What you will do:
Beginning with the first line, retype exactly the records below up to and including the line with "Circle(SKETCH2_R)"; pictures do not belong in the copy.

::: Given entries

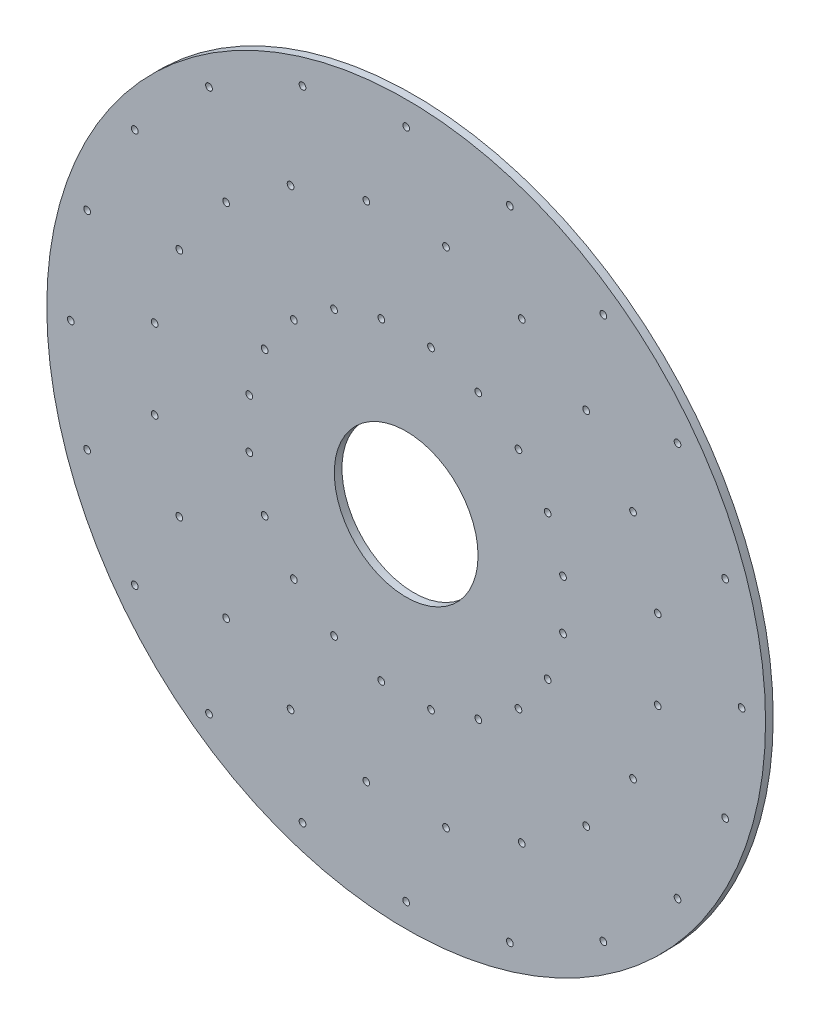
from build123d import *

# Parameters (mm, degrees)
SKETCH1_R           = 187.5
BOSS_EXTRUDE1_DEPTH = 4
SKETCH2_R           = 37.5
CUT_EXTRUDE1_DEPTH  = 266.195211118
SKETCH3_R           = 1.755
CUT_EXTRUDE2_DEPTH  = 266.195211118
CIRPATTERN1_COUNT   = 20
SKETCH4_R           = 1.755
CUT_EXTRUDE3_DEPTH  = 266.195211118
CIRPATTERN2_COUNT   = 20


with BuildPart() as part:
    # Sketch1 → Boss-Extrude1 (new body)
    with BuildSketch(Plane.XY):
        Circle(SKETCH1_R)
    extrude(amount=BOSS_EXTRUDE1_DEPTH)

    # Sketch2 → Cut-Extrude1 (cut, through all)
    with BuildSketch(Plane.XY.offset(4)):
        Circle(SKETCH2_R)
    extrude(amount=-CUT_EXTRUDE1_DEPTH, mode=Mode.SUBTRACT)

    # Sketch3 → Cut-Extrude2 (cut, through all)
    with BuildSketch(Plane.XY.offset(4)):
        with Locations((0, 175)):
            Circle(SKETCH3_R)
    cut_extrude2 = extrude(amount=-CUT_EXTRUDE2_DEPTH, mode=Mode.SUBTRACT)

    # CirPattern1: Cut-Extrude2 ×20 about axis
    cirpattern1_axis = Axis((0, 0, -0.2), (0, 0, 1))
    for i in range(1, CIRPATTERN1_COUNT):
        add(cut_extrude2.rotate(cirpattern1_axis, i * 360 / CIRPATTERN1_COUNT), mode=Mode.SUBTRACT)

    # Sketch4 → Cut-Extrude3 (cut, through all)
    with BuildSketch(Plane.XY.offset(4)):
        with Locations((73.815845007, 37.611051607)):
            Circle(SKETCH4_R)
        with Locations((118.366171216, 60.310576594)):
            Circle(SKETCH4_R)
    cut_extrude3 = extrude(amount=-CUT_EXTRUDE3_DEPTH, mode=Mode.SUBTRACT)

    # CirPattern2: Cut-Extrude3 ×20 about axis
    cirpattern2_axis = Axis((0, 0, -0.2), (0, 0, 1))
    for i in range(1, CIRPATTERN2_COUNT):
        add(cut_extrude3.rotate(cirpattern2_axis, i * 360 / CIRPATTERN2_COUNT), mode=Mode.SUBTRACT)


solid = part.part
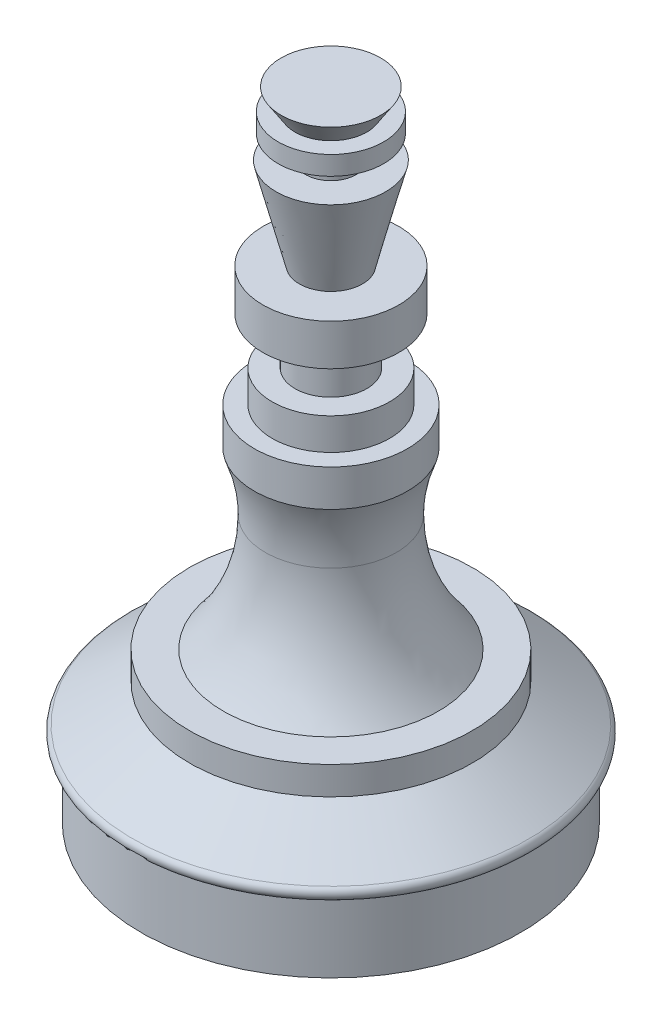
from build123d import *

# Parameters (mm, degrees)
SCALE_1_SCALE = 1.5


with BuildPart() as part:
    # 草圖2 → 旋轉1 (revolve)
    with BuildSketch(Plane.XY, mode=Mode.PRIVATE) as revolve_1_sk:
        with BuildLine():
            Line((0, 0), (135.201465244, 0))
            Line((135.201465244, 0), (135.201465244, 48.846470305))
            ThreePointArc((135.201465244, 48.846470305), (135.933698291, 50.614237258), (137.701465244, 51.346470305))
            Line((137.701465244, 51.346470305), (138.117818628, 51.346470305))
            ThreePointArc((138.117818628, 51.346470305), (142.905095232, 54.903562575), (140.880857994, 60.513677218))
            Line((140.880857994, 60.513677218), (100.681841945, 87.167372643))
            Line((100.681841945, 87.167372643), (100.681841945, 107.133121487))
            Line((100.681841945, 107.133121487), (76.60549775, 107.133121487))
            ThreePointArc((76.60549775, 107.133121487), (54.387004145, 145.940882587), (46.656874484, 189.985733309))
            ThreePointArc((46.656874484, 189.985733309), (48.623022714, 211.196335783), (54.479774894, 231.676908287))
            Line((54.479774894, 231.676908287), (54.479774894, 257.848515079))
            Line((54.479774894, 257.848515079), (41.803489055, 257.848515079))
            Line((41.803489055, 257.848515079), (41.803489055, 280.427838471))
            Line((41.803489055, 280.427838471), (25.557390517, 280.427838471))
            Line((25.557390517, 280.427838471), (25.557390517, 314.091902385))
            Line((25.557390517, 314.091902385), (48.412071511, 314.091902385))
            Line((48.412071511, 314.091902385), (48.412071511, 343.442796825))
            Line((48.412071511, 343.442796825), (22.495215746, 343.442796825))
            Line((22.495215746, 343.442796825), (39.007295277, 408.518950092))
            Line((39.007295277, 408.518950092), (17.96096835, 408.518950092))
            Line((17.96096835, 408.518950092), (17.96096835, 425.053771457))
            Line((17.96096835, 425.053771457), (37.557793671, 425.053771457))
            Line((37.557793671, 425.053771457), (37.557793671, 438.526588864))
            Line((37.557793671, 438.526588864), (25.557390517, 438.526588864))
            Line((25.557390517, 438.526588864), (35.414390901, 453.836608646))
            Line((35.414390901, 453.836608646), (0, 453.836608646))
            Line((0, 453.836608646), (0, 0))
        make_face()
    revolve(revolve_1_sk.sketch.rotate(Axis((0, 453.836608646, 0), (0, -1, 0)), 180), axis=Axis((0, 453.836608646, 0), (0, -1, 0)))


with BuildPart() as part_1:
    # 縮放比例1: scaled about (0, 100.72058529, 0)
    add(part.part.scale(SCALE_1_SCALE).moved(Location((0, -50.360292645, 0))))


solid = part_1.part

::::::

Result of this task:
from build123d import *

# Parameters (mm, degrees)
SKETCH1_R           = 187.5
BOSS_EXTRUDE1_DEPTH = 4
SKETCH2_R           = 37.5
CUT_EXTRUDE1_DEPTH  = 266.195211118
SKETCH3_R           = 1.755
CUT_EXTRUDE2_DEPTH  = 266.195211118
CIRPATTERN1_COUNT   = 20
SKETCH4_R           = 1.755
CUT_EXTRUDE3_DEPTH  = 266.195211118
CIRPATTERN2_COUNT   = 20


with BuildPart() as part:
    # Sketch1 → Boss-Extrude1 (new body)
    with BuildSketch(Plane.XY):
        Circle(SKETCH1_R)
    extrude(amount=BOSS_EXTRUDE1_DEPTH)

    # Sketch2 → Cut-Extrude1 (cut, through all)
    with BuildSketch(Plane.XY.offset(4)):
        Circle(SKETCH2_R)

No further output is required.